### Task to complete
Below are entries; copy exactly the lines from the one with "Density: 1.06 g/cm^3" through the one with "of L4.end L5.start", both included, and leave out the rest.

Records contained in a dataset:
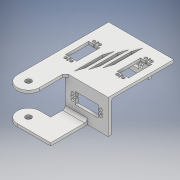
# Autodesk Inventor part: Rbiceps
Saved by Autodesk Inventor 2018 (Build 220112000, 112)
## iProperties
Created: 2018-02-07
Part Number: Rbiceps
Material: Plastique ABS
Document SubType Name: Modeling
Designer: Thomas
Density: 1.06 g/cm^3
Appearance: Lisse - Blanc
Mass: 118.74 g
Surface Area: 553.913 cm^2
Volume: 112.019 cm^3
Author: Thomas
Autodesk Inventor part; units mm, degrees
ref_plane "YZ Plane" through (0, 0, 0) normal (1, 0, 0) x (0, 1, 0)
ref_plane "XZ Plane" through (0, 0, 0) normal (0, 1, 0) x (-1, 0, 0)
ref_plane "XY Plane" through (0, 0, 0) normal (0, 0, 1) x (1, 0, 0)
sketch "Esquisse1" plane through (0, 0, 0) normal (0, 0, 1) x (1, 0, 0)
  line L0 (10, 0) -> (104.4, 0)
  line L1 (114.4, -10) -> (114.4, -105.15)
  line L2 (104.4, -115.15) -> (49, -115.15)
  line L3 (0, -115.15) -> (0, -10)
  line L4 (0, -115.15) -> (0, -160.65)
  line L5 (39, -160.65) -> (39, -125.15)
  arc A0 (0, -160.65) -> (39, -160.65) centre (19.5, -160.65) ccw
  line L6 (0, -10) -> (0, 0)
  line L7 (10, 0) -> (0, 0)
  line L8 (114.4, -10) -> (114.4, 0)
  line L9 (114.4, 0) -> (104.4, 0)
  line L10 (114.4, -105.15) -> (114.4, -115.15)
  line L11 (104.4, -115.15) -> (114.4, -115.15)
  line L12 (39, -125.15) -> (39, -115.15)
  line L13 (49, -115.15) -> (39, -115.15)
  dimension "d0" = 39
  dimension "d1" = 114.4
  dimension "d2" = 45.5
  dimension "d3" = 115.15
  constraints: 28 end point, 9 point on line, 5 vertical, 4 perpendicular, 2 horizontal, 2 parallel, 2 point on circle, 1 centre point
  measures "d0" distance of L4.end L5.start
  measures "d1" distance of L6.end L8.end
  measures "d2" distance of L5.start L12.end
  measures "d3" distance of L8.end L10.end
extrude "Extrusion1" add sketch "Esquisse1" along normal blind 5
sketch "Esquisse2" plane through (0, 0, 5) normal (0, 0, 1) x (1, 0, 0)
  line L0 (31.7, -46.85) -> (31.7, -87.85)
  line L1 (11.7, -87.85) -> (11.7, -46.85)
  line L2 (102.7, -26.7) -> (102.7, -67.7)
  line L3 (82.7, -67.7) -> (82.7, -26.7)
  line L4 (0, 0) -> (0, -160.65) projected
  line L5 (114.4, -115.15) -> (114.4, 0) projected
  circle A0 centre (16.7, -42.46) radius 2.5
  circle A1 centre (26.7, -42.46) radius 2.5
  circle A2 centre (16.7, -92.24) radius 2.5
  circle A3 centre (26.7, -92.24) radius 2.5
  circle A4 centre (87.7, -72.09) radius 2.5
  circle A5 centre (97.7, -72.09) radius 2.5
  circle A6 centre (87.7, -22.31) radius 2.5
  circle A7 centre (97.7, -22.31) radius 2.5
  circle A8 centre (19.5, -160.65) radius 5
  line L6 (114.4, 0) -> (0, 0) projected
  line L7 (39, -115.15) -> (114.4, -115.15) projected
  line L8 (22.7, -46.85) -> (22.7, -39.35)
  line L9 (22.7, -39.35) -> (20.7, -39.35)
  line L10 (20.7, -39.35) -> (20.7, -46.85)
  line L11 (93.7, -67.7) -> (93.7, -75.2)
  line L12 (91.7, -75.2) -> (91.7, -67.7)
  line L13 (93.7, -26.7) -> (93.7, -19.2)
  line L14 (93.7, -19.2) -> (91.7, -19.2)
  line L15 (91.7, -19.2) -> (91.7, -26.7)
  line L16 (11.7, -46.85) -> (20.7, -46.85)
  line L17 (31.7, -46.85) -> (22.7, -46.85)
  line L18 (22.7, -87.85) -> (22.7, -95.35)
  line L19 (22.7, -95.35) -> (20.7, -95.35)
  line L20 (20.7, -95.35) -> (20.7, -87.85)
  line L21 (11.7, -87.85) -> (20.7, -87.85)
  line L22 (22.7, -87.85) -> (31.7, -87.85)
  line L23 (82.7, -26.7) -> (91.7, -26.7)
  line L24 (93.7, -26.7) -> (102.7, -26.7)
  line L25 (82.7, -67.7) -> (91.7, -67.7)
  line L26 (93.7, -67.7) -> (102.7, -67.7)
  line L27 (91.7, -75.2) -> (93.7, -75.2)
  point P0 (0, -10)
  point P1 (114.4, -105.15)
  point P2 (114.4, -10)
  point P3 (39, -160.65)
  point P4 (104.4, 0)
  point P5 (10, 0)
  point P6 (49, -115.15)
  point P7 (104.4, -115.15)
  dimension "d7" = 11.7
  dimension "d8" = 11.7
  dimension "d9" = 20
  dimension "d10" = 20
  dimension "d11" = 41
  dimension "d12" = 41
  dimension "d13" = 10
  dimension "d14" = 19.5
  dimension "d16" = 5
  dimension "d18" = 5
  dimension "d20" = 10
  dimension "d21" = 5
  dimension "d22" = 5
  dimension "d26" = 10
  dimension "d28" = 5
  dimension "d31" = 5
  dimension "d32" = 10
  dimension "d33" = 5
  dimension "d36" = 5
  dimension "d37" = 10
  dimension "d41" = 9
  dimension "d43" = 4.39
  dimension "d44" = 4.39
  dimension "d45" = 5
  dimension "d46" = 7.5
  dimension "d47" = 7.5
  dimension "d48" = 9
  dimension "d49" = 9
  dimension "d50" = 9
  dimension "d51" = 5
  dimension "d52" = 4.39
  dimension "d53" = 4.39
  dimension "d54" = 7.5
  dimension "d55" = 9
  dimension "d56" = 9
  dimension "d57" = 4.39
  dimension "d58" = 4.39
  dimension "d59" = 5
  dimension "d60" = 9
  dimension "d61" = 9
  dimension "d62" = 7.5
  dimension "d63" = 4.39
  dimension "d64" = 4.39
  dimension "d65" = 5
  dimension "d168" = 41
  dimension "d169" = 41
  constraints: 48 end point, 9 centre point, 8 parallel, 4 horizontal, 3 collinear, 1 point on line
  measures "d7" distance between parallel lines of L1 L4
  measures "d8" distance between parallel lines of L5 L2
  measures "d9" distance of L0.end L1.start
  measures "d10" distance of L2.end L3.start
  measures "d11" distance of L0.start L0.end
  measures "d12" distance of L3.start L3.end
  measures "d13" diameter of A8
  measures "d14" distance of A8.centre point (39, -160.65)
  measures "d16" diameter of A2
  measures "d18" diameter of A3
  measures "d20" distance of A3.centre A2.centre
  measures "d21" diameter of A0
  measures "d22" diameter of A1
  measures "d26" distance of A1.centre A0.centre
  measures "d28" diameter of A5
  measures "d31" diameter of A4
  measures "d32" distance of A5.centre A4.centre
  measures "d33" diameter of A7
  measures "d36" diameter of A6
  measures "d37" distance of A7.centre A6.centre
  measures "d41" distance of L1.end L10.end
  measures "d43" distance from line of L16 A0.centre
  measures "d44" distance from line of L17 A1.centre
  measures "d45" horizontal distance of L1.end A0.centre
  measures "d46" distance of L8.start L8.end
  measures "d47" distance of L18.start L18.end
  measures "d48" distance of L1.start L20.end
  measures "d49" distance of L18.start L0.end
  measures "d50" distance of L0.start L8.start
  measures "d51" horizontal distance of A2.centre L1.start
  measures "d52" distance from line of L21 A2.centre
  measures "d53" distance from line of L22 A3.centre
  measures "d54" distance of L11.start L11.end
  measures "d55" distance of L3.start L12.end
  measures "d56" distance of L11.start L2.end
  measures "d57" distance from line of L25 A4.centre
  measures "d58" distance from line of L26 A5.centre
  measures "d59" distance from line of A4.centre L3
  measures "d60" distance of L3.end L15.end
  measures "d61" distance of L13.start L2.start
  measures "d62" distance of L14.end L15.end
  measures "d63" distance from line of L23 A6.centre
  measures "d64" distance from line of L24 A7.centre
  measures "d65" distance from line of L2 A7.centre
  measures "d168" distance of L1.start L1.end
  measures "d169" distance of L2.start L2.end
extrude "Extrusion2" cut sketch "Esquisse2" against normal blind 5
sketch "Esquisse3" plane through (39, -115.15, 0) normal (0, -1, 0) x (1, 0, 0)
  line L0 (0, 0) -> (75.4, 0) projected
  line L1 (0, 0) -> (75.4, 0)
  line L2 (75.4, 0) -> (75.4, -54.86)
  line L3 (75.4, -54.86) -> (0, -54.86)
  line L4 (0, -54.86) -> (0, 0)
  point P0 (-39, 0)
  dimension "d68" = 54.86
  constraints: 8 end point, 2 parallel, 1 horizontal, 1 perpendicular
  measures "d68" distance of L1.end L2.end
extrude "Extrusion3" add sketch "Esquisse3" against normal blind 5
sketch "Esquisse4" plane through (0, 0, 5) normal (0, 0, 1) x (1, 0, 0)
  line L0 (44.7, -55.15) -> (49.7, -40.15)
  line L1 (49.7, -40.15) -> (49.7, -90.15)
  line L2 (49.7, -90.15) -> (44.7, -105.15)
  line L3 (44.7, -105.15) -> (44.7, -55.15)
  line L4 (0, 0) -> (0, -160.65) projected
  line L5 (54.7, -40) -> (59.7, -25)
  line L6 (59.7, -25) -> (59.7, -75)
  line L7 (59.7, -75) -> (54.7, -90)
  line L8 (54.7, -90) -> (54.7, -40)
  line L9 (64.7, -25) -> (69.7, -10)
  line L10 (69.7, -10) -> (69.7, -60)
  line L11 (69.7, -60) -> (64.7, -75)
  line L12 (64.7, -75) -> (64.7, -25)
  line L13 (114.4, 0) -> (0, 0) projected
  line L14 (39, -115.15) -> (114.4, -115.15) projected
  dimension "d71" = 50
  dimension "d72" = 50
  dimension "d73" = 15
  dimension "d74" = 15
  dimension "d75" = 5
  dimension "d78" = 44.7
  dimension "d79" = 50
  dimension "d80" = 50
  dimension "d81" = 15
  dimension "d82" = 15
  dimension "d83" = 5
  dimension "d84" = 54.7
  dimension "d85" = 50
  dimension "d86" = 50
  dimension "d87" = 15
  dimension "d88" = 15
  dimension "d89" = 5
  dimension "d90" = 64.7
  dimension "d91" = 10
  dimension "d92" = 10
  dimension "d93" = 25
  constraints: 24 end point, 3 point on line, 3 vertical, 1 parallel
  measures "d71" distance of L0.end L1.end
  measures "d72" distance of L2.end L3.end
  measures "d73" vertical distance of L0.start L0.end
  measures "d74" vertical distance of L1.end L2.end
  measures "d75" distance from line of L1 L3.end
  measures "d78" distance between parallel lines of L4 L3
  measures "d79" distance of L5.end L6.end
  measures "d80" distance of L7.end L8.end
  measures "d81" vertical distance of L5.start L5.end
  measures "d82" vertical distance of L6.end L7.end
  measures "d83" distance from line of L6 L8.end
  measures "d84" distance between parallel lines of L4 L8
  measures "d85" distance of L9.end L10.end
  measures "d86" distance of L11.end L12.end
  measures "d87" vertical distance of L9.start L9.end
  measures "d88" vertical distance of L10.end L11.end
  measures "d89" distance from line of L10 L12.end
  measures "d90" distance between parallel lines of L4 L12
  measures "d91" distance from line of L13 L9.end
  measures "d92" distance from line of L14 L2.end
  measures "d93" distance from line of L13 L5.end
extrude "Extrusion4" cut sketch "Esquisse4" against normal blind 5
sketch "Esquisse5" plane through (39, -115.15, 5) normal (0, -1, 0) x (1, 0, 0)
  line L0 (17.2, -20) -> (58.2, -20)
  line L1 (58.2, -40) -> (17.2, -40)
  circle A0 centre (12.81, -25) radius 2.5
  circle A1 centre (12.81, -35) radius 2.5
  circle A2 centre (62.59, -25) radius 2.5
  circle A3 centre (62.59, -35) radius 2.5
  line L2 (0, 0) -> (75.4, 0) projected
  line L3 (0, -59.86) -> (0, -5) projected
  line L4 (17.2, -31) -> (9.7, -31)
  line L5 (9.7, -31) -> (9.7, -29)
  line L6 (9.7, -29) -> (17.2, -29)
  line L7 (58.2, -29) -> (65.7, -29)
  line L8 (65.7, -29) -> (65.7, -31)
  line L9 (65.7, -31) -> (58.2, -31)
  line L10 (17.2, -29) -> (17.2, -20)
  line L11 (17.2, -31) -> (17.2, -40)
  line L12 (58.2, -40) -> (58.2, -31)
  line L13 (58.2, -29) -> (58.2, -20)
  line L14 (75.4, -59.86) -> (75.4, 0) projected
  point P0 (-39, -5)
  dimension "d96" = 5
  dimension "d98" = 5
  dimension "d99" = 5
  dimension "d100" = 20
  dimension "d101" = 41
  dimension "d103" = 20
  dimension "d109" = 10
  dimension "d110" = 10
  dimension "d111" = 5
  dimension "d112" = 5
  dimension "d113" = 5
  dimension "d114" = 9
  dimension "d115" = 9
  dimension "d116" = 9
  dimension "d117" = 9
  dimension "d118" = 7.5
  dimension "d119" = 7.5
  dimension "d170" = 41
  dimension "d171" = 17.2
  dimension "d172" = 4.39
  dimension "d173" = 4.39
  dimension "d174" = 4.39
  dimension "d175" = 4.39
  dimension "d176" = 17.2
  constraints: 24 end point, 6 equal length, 4 centre point, 3 horizontal, 2 perpendicular, 1 vertical
  measures "d96" diameter of A1
  measures "d98" diameter of A2
  measures "d99" diameter of A3
  measures "d100" distance of L1.end L0.start
  measures "d101" distance of L0.start L0.end
  measures "d103" distance between parallel lines of L2 L0
  measures "d109" distance of A2.centre A3.centre
  measures "d110" distance of A0.centre A1.centre
  measures "d111" diameter of A0
  measures "d112" vertical distance of L0.start A0.centre
  measures "d113" vertical distance of A3.centre L1.start
  measures "d114" distance of L6.end L0.start
  measures "d115" distance of L4.start L1.end
  measures "d116" distance of L7.start L0.end
  measures "d117" distance of L1.start L9.end
  measures "d118" distance of L5.end L6.end
  measures "d119" distance of L7.start L7.end
  measures "d170" distance of L1.start L1.end
  measures "d171" distance between parallel lines of L3 L10
  measures "d172" distance from line of L13 A2.centre
  measures "d173" distance from line of L12 A3.centre
  measures "d174" distance from line of L11 A1.centre
  measures "d175" distance from line of L10 A0.centre
  measures "d176" distance between parallel lines of L14 L12
extrude "Extrusion5" cut sketch "Esquisse5" against normal blind 5
chamfer "Chanfrein1" distance 5 angle 45 1 edges at (39, -115.15, 2.5)
sketch "Esquisse7" plane through (114.4, -115.15, -54.86) normal (0, 0, -1) x (-1, 0, 0)
  line L0 (0, 0) -> (75.4, 0) projected
  line L1 (75.4, 0) -> (36.4, 0)
  line L2 (36.4, 0) -> (36.4, -65)
  line L3 (36.4, -65) -> (75.4, -65)
  line L4 (75.4, -65) -> (94.9, -65)
  arc A0 (94.9, -65) -> (94.9, -26) centre (94.9, -45.5) ccw
  line L5 (94.9, -26) -> (75.4, -26)
  line L6 (75.4, 0) -> (75.4, -26)
  point P0 (114.4, 115.15)
  dimension "d129" = 39
  dimension "d130" = 65
  dimension "d131" = 19.5
  constraints: 12 end point, 2 horizontal, 2 point on circle, 1 centre point, 1 coincident, 1 parallel, 1 perpendicular, 1 vertical
  measures "d129" distance of L2.end L3.end
  measures "d130" distance of L1.end L2.end
  measures "d131" distance of L3.end L4.end
extrude "Extrusion6" add sketch "Esquisse7" against normal blind 5
sketch "Esquisse8" plane through (114.4, -110.15, -54.86) normal (0, 0, -1) x (-1, 0, 0)
  circle A0 centre (94.9, -50.5) radius 5 projected
  circle A1 centre (94.9, -50.5) radius 5
  point P0 (114.4, 110.15)
  constraints: 1 centre point, 1 coincident
extrude "Extrusion7" cut sketch "Esquisse8" against normal blind 5
sketch "Esquisse9" plane through (0, 0, 0) normal (0, 1, 0) x (1, 0, 0)
  line L0 (0, 0) -> (75.4, 0)
  line L1 (75.4, 0) -> (75.4, 42.9)
  line L2 (75.4, 42.9) -> (0, 42.9)
  line L3 (0, 42.9) -> (0, 0)
  point P0 (114.4, 0)
  dimension "d137" = 39
  dimension "d138" = 42.9
  constraints: 8 end point, 2 parallel, 1 horizontal, 1 perpendicular
  measures "d137" distance of point (114.4, 0) L0.end
  measures "d138" distance of L2.end L0.start
extrude "Extrusion8" add sketch "Esquisse9" against normal blind 5
sketch "Esquisse10" plane through (0, 0, 5) normal (0, 1, 0) x (1, 0, 0)
  line L0 (58.2, 39.9) -> (17.2, 39.9)
  line L1 (17.2, 19.9) -> (58.2, 19.9)
  circle A0 centre (62.59, 34.9) radius 2.5
  circle A1 centre (62.59, 24.9) radius 2.5
  circle A2 centre (12.81, 34.9) radius 2.5
  circle A3 centre (12.81, 24.9) radius 2.5
  line L2 (75.4, 5) -> (75.4, 47.9) projected
  line L3 (58.2, 30.9) -> (65.7, 30.9)
  line L4 (65.7, 30.9) -> (65.7, 28.9)
  line L5 (65.7, 28.9) -> (58.2, 28.9)
  line L6 (17.2, 30.9) -> (9.7, 30.9)
  line L7 (9.7, 30.9) -> (9.7, 28.9)
  line L8 (9.7, 28.9) -> (17.2, 28.9)
  line L9 (58.2, 39.9) -> (58.2, 30.9)
  line L10 (58.2, 28.9) -> (58.2, 19.9)
  line L11 (17.2, 39.9) -> (17.2, 30.9)
  line L12 (17.2, 28.9) -> (17.2, 19.9)
  line L13 (0, 47.9) -> (0, 0) projected
  line L14 (75.4, 47.9) -> (0, 47.9) projected
  point P0 (0, 5)
  dimension "d141" = 41
  dimension "d142" = 20
  dimension "d143" = 5
  dimension "d144" = 5
  dimension "d145" = 5
  dimension "d146" = 5
  dimension "d151" = 10
  dimension "d152" = 5
  dimension "d154" = 10
  dimension "d156" = 5
  dimension "d157" = 9
  dimension "d158" = 9
  dimension "d159" = 7.5
  dimension "d160" = 7.5
  dimension "d161" = 17.2
  dimension "d162" = 17.2
  dimension "d163" = 4.39
  dimension "d164" = 17.2
  dimension "d167" = 8
  dimension "d177" = 4.39
  dimension "d178" = 4.39
  dimension "d179" = 4.39
  constraints: 24 end point, 5 equal length, 4 centre point, 3 horizontal, 3 perpendicular, 2 point on line, 1 vertical
  measures "d141" distance of L0.start L0.end
  measures "d142" distance of L0.end L1.start
  measures "d143" diameter of A0
  measures "d144" diameter of A1
  measures "d145" diameter of A2
  measures "d146" diameter of A3
  measures "d151" distance of A1.centre A0.centre
  measures "d152" vertical distance of A0.centre L0.start
  measures "d154" distance of A2.centre A3.centre
  measures "d156" distance from line of L0 A2.centre
  measures "d157" distance of L0.end L6.start
  measures "d158" distance of L8.end L1.start
  measures "d159" distance of L4.end L5.end
  measures "d160" distance of L7.end L8.end
  measures "d161" distance between parallel lines of L13 L11
  measures "d162" distance between parallel lines of L2 L10
  measures "d163" distance from line of L9 A0.centre
  measures "d164" distance between parallel lines of L13 L12
  measures "d167" distance between parallel lines of L0 L14
  measures "d177" distance from line of L11 A2.centre
  measures "d178" distance from line of L12 A3.centre
  measures "d179" distance from line of L10 A1.centre
extrude "Extrusion9" cut sketch "Esquisse10" against normal blind 5
fillet "Congé1" radius 5 1 edges at (37.7, -5, 0)
fillet "Congé2" radius 5 1 edges at (76.7, -110.15, 0)
fillet "Congé3" radius 5 1 edges at (58.5, -115.15, -49.86)

### Task solution
Density: 1.06 g/cm^3
Appearance: Lisse - Blanc
Mass: 118.74 g
Surface Area: 553.913 cm^2
Volume: 112.019 cm^3
Author: Thomas
Autodesk Inventor part; units mm, degrees
ref_plane "YZ Plane" through (0, 0, 0) normal (1, 0, 0) x (0, 1, 0)
ref_plane "XZ Plane" through (0, 0, 0) normal (0, 1, 0) x (-1, 0, 0)
ref_plane "XY Plane" through (0, 0, 0) normal (0, 0, 1) x (1, 0, 0)
sketch "Esquisse1" plane through (0, 0, 0) normal (0, 0, 1) x (1, 0, 0)
  line L0 (10, 0) -> (104.4, 0)
  line L1 (114.4, -10) -> (114.4, -105.15)
  line L2 (104.4, -115.15) -> (49, -115.15)
  line L3 (0, -115.15) -> (0, -10)
  line L4 (0, -115.15) -> (0, -160.65)
  line L5 (39, -160.65) -> (39, -125.15)
  arc A0 (0, -160.65) -> (39, -160.65) centre (19.5, -160.65) ccw
  line L6 (0, -10) -> (0, 0)
  line L7 (10, 0) -> (0, 0)
  line L8 (114.4, -10) -> (114.4, 0)
  line L9 (114.4, 0) -> (104.4, 0)
  line L10 (114.4, -105.15) -> (114.4, -115.15)
  line L11 (104.4, -115.15) -> (114.4, -115.15)
  line L12 (39, -125.15) -> (39, -115.15)
  line L13 (49, -115.15) -> (39, -115.15)
  dimension "d0" = 39
  dimension "d1" = 114.4
  dimension "d2" = 45.5
  dimension "d3" = 115.15
  constraints: 28 end point, 9 point on line, 5 vertical, 4 perpendicular, 2 horizontal, 2 parallel, 2 point on circle, 1 centre point
  measures "d0" distance of L4.end L5.start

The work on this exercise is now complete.